June 6, 2026
Crawler? I Hardly Know Her
How Other Link Checkers Do Recursion
Turns out the ‘missing trick’ never existed—and commenters loved the plot twist
TLDR: The author found that rival link checkers handle recursion easily because they were built as crawlers from the start, while lychee was built in a straight line and has been fighting that design ever since. In the comments, the standout reaction was a calm-but-spicy suggestion: stop overcomplicating it and consider a simpler single-threaded approach.
The big reveal in this coding saga is almost hilariously simple: other website link checkers aren’t secretly smarter. They just started life as full-on site crawlers, while lychee was built more like a straight conveyor belt—links go in, results come out, end of story. That difference sounds small, but it’s basically why adding “keep following links forever” has been such a five-year headache. The author went source-diving through rival tools and came back with a verdict that feels equal parts confession and vindication: there was no magic shortcut, just a totally different blueprint from day one.
And yes, the community absolutely pounced on that. The vibe is a mix of “aha, so that’s why this was such a nightmare” and “Rust architecture drama strikes again.” The hottest reaction came from ameliaquining, who jumped in with a very practical curveball: if thread-safety rules are making life miserable, why not use a single-threaded setup in Tokio—the Rust async system—so the code doesn’t have to jump through as many hoops? In plain English, it’s a suggestion to make the whole thing less fussy by keeping it on one lane instead of many. That comment has the energy of someone walking into a chaos-filled kitchen and saying, “Have you tried turning down the stove?”
The jokes practically write themselves: dragons in the pipeline, years of failed attempts, and the dawning realization that competitors didn’t solve the puzzle—they just bought a different puzzle. It’s less “genius hack discovered” and more “the house needed a staircase, but we built a hallway.”
Key Points
- •The article concludes that other recursive link checkers were designed as crawlers from their first commit, unlike lychee’s original stream-based architecture.
- •It identifies three common components in recursive link checkers: a mutable frontier queue, a visited set updated at enqueue time, and a completion mechanism for detecting when all work is done.
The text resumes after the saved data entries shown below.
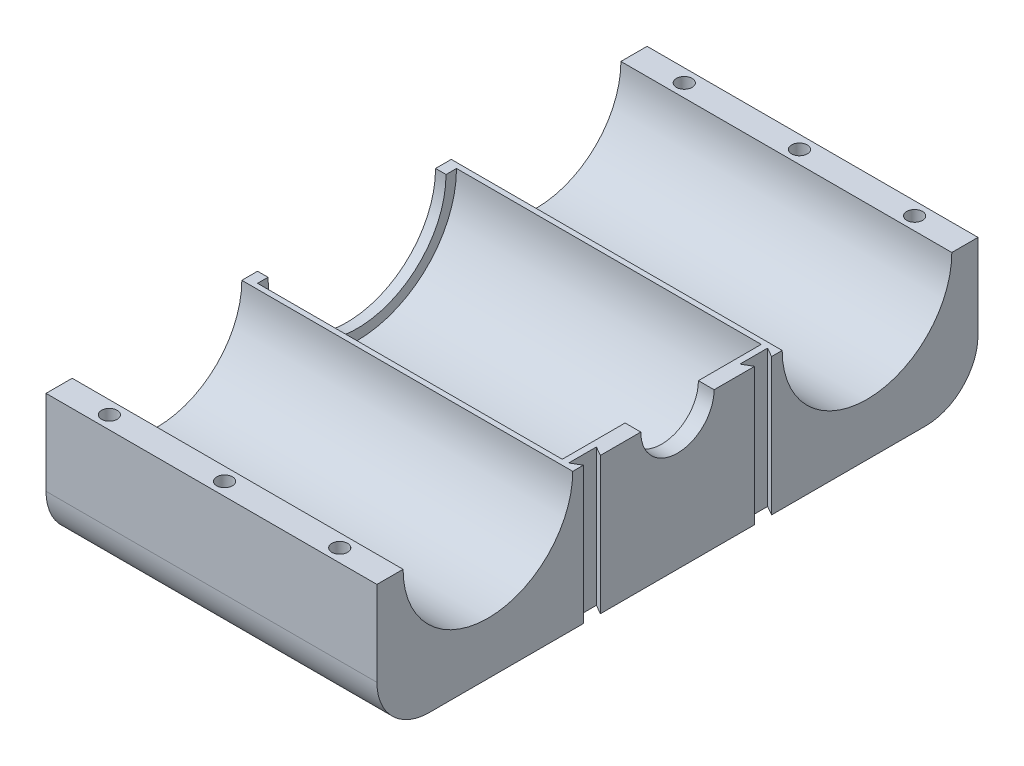
SolidWorks part; units mm, degrees
ref_plane "Front Plane" through (0, 0, 0) normal (0, 0, 1) x (1, 0, 0)
ref_plane "Top Plane" through (0, 0, 0) normal (0, 1, 0) x (1, 0, 0)
ref_plane "Right Plane" through (0, 0, 0) normal (1, 0, 0) x (0, 0, -1)
sketch "Sketch1" plane through (0, 0, 0) normal (1, 0, 0) x (0, 0, -1)
  line L0 (57.4, 42.0261) -> (57.4, 0) construction
  line L1 (0, 0) -> (114.8, 0)
  line L2 (0, 0) -> (0, 26.2)
  line L3 (114.8, 0) -> (114.8, 26.2)
  line L4 (0, 26.2) -> (5, 26.2) construction
  line L6 (37.4, 26.2) -> (77.4, 26.2) construction
  line L7 (37.4, 26.2) -> (77.4, 26.2)
  line L8 (0, 26.2) -> (5, 26.2)
  line L10 (37.4, 26.2) -> (77.4, 26.2)
  line L11 (109.8, 26.2) -> (114.8, 26.2)
  arc A0 (5, 26.2) -> (37.4, 26.2) centre (21.2, 26.2) ccw
  arc A1 (77.4, 26.2) -> (109.8, 26.2) centre (93.6, 26.2) ccw
  circle A2 centre (57.4, 13.245) radius 62.5 construction
  point P15 (93.6, 10)
  dimension "D4" = 16.2
  dimension "D3" = 16.2
  dimension "D6" = 125
  dimension "D1" = 5
  dimension "D5" = 10
  dimension "D2" = 40
extrude "Boss-Extrude1" add sketch "Sketch1" along normal blind 63.2 contours L8 L2 L1 L3 L7
sketch "Sketch30" plane through (0, 26.2, 0) normal (0, 1, 0) x (1, 0, 0)
  line L0 (63.2, 57.4) -> (17.5829, 57.4) construction
  line L1 (63.2, 37.4) -> (63.2, 77.4) construction
  line L2 (63.2, 75.375) -> (61.4246, 76.4)
  line L3 (61.4246, 76.4) -> (61.4246, 71.1)
  line L4 (61.4246, 71.1) -> (63.2, 72.125)
  line L5 (63.2, 42.675) -> (61.4246, 43.7)
  line L6 (61.4246, 43.7) -> (61.4246, 38.4)
  line L7 (61.4246, 38.4) -> (63.2, 39.425)
  line L8 (63.2, 75.375) -> (63.2, 72.125)
  line L9 (63.2, 42.675) -> (63.2, 39.425)
  line L10 (63.2, 77.4) -> (0, 77.4) construction
  line L12 (63.2, 37.4) -> (0, 37.4) construction
  dimension "D1" = 5.3
  dimension "D2" = 60
  dimension "D3" = 60
  dimension "D4" = 3.25
  dimension "D5" = 60
  dimension "D6" = 1
  dimension "D7" = 1
extrude "Cut-Extrude14" cut sketch "Sketch30" against normal up to next
sketch "Sketch31" plane through (0, 0, 0) normal (-1, 0, 0) x (0, 0, 1)
  line L0 (-37.4, 26.2) -> (-77.4, 26.2) construction
  circle A0 centre (-57.4, 26.2) radius 19
  dimension "D1" = 38
extrude "Cut-Extrude15" cut sketch "Sketch31" against normal offset from surface (60.2 mm away) 3 contours A0 up to face at (63.2, 13.1, -57.4)
sketch "Sketch32" plane through (63.2, 0, 0) normal (1, 0, 0) x (0, 0, -1)
  line L0 (42.675, 26.2) -> (72.125, 26.2) construction
  circle A0 centre (57.4, 26.2) radius 7
  dimension "D1" = 14
extrude "Cut-Extrude16" cut sketch "Sketch32" against normal up to next
sketch "Sketch33" plane through (0, 0, 0) normal (-1, 0, 0) x (0, 0, 1)
  line L0 (-74.4, 26.2) -> (-76.4, 26.2)
  line L1 (-40.4, 26.2) -> (-38.4, 26.2)
  arc A1 (-76.4, 26.2) -> (-38.4, 26.2) centre (-57.4, 26.2) ccw construction
  arc A2 (-74.4, 26.2) -> (-40.4, 26.2) centre (-57.4, 26.2) ccw
  arc A3 (-74.4, 26.2) -> (-40.4, 26.2) centre (-57.4, 26.2) ccw
  arc A4 (-76.4, 26.2) -> (-38.4, 26.2) centre (-57.4, 26.2) ccw
  dimension "D1" = 2
extrude "Boss-Extrude6" add sketch "Sketch33" against normal blind 2
fillet "Fillet1" radius 10 2 edges at (31.6, 0, -114.8) (31.6, 0, 0)
sketch "Sketch34" plane through (0, 26.2, 0) normal (0, 1, 0) x (1, 0, 0)
  line L0 (0, 112.3) -> (63.2, 112.3) construction
  line L1 (0, 109.8) -> (0, 114.8) construction
  line L2 (63.2, 109.8) -> (63.2, 114.8) construction
  line L3 (63.2, 57.4) -> (76.2618, 57.4) construction
  line L4 (63.2, 50.4) -> (63.2, 64.4) construction
  circle A0 centre (9.6, 112.3) radius 1.5
  circle A1 centre (31.6, 112.3) radius 1.5
  circle A2 centre (53.6, 112.3) radius 1.5
  circle A3 centre (53.6, 2.5) radius 1.5
  circle A4 centre (31.6, 2.5) radius 1.5
  circle A5 centre (9.6, 2.5) radius 1.5
  dimension "D1" = 3
  dimension "D2" = 22
  dimension "D3" = 22
extrude "Cut-Extrude17" cut sketch "Sketch34" against normal blind 15
equation "\"MotorDIA\"= 37' Motor Diameter"
equation "\"SyringeDIA\"= 31.4'60ml Syringe Diameter"
equation "\"MotorShaftDIA\"= 6'Motor Shaft Dia"
equation "\"MotorKeyway\"= 1'Motor Shaft Keyway Depth"
equation "\"MotorLength\"= 56.7'Motor Length Excluding Shaft"
equation "\"SyringeLength\"= 117.3'60ml Syringe Length Excluding Nozzle"
equation "\"3Dtol\"= .5'Sizing Tolerance for 3D printed parts"
equation "\"ChamberDIA\"= 100 - 4'Buoyancy Chamber inner Diameter"
equation "\"ChamberThk\"= 2mm'Buoyancy Chamber Wall Thickness"
equation "\"D4@Sketch1\"=\"SyringeDIA\"/2+\"3Dtol\""
equation "\"D1@Boss-Extrude1\"=\"MotorLength\"+\"3Dtol\"+4"
equation "\"D4@Sketch8\"=\"D1@Sketch8\""
equation "\"BearingOD\"= 10"
equation "\"BearingID\"= 4"
equation "\"Bearingwidth\"= 4"
equation "\"ShaftDIA\"= 4"
equation "\"D2@Sketch22\"=\"D3@Sketch22\"/5"
equation "\"D4@Sketch22\"=\"D2@Sketch22\""
equation "\"D5@Sketch22\"=\"D4@Sketch22\""
equation "\"D6@Sketch22\"=\"D5@Sketch22\""
equation "\"D3@Sketch1\"=\"D4@Sketch1\""

- •The article contrasts crawler architectures with lychee’s one-shot DAG pipeline, explaining that recursion requires a back-edge where discovered URLs become new inputs.
- •It says the critical fix for deduplication races is to atomically check and mark the visited set before scheduling or fetching a URL.
- •Muffet is presented as an example implementation that combines deduplication and scheduling, recursively re-enqueues discovered pages, and uses sync.WaitGroup-based tracking for termination.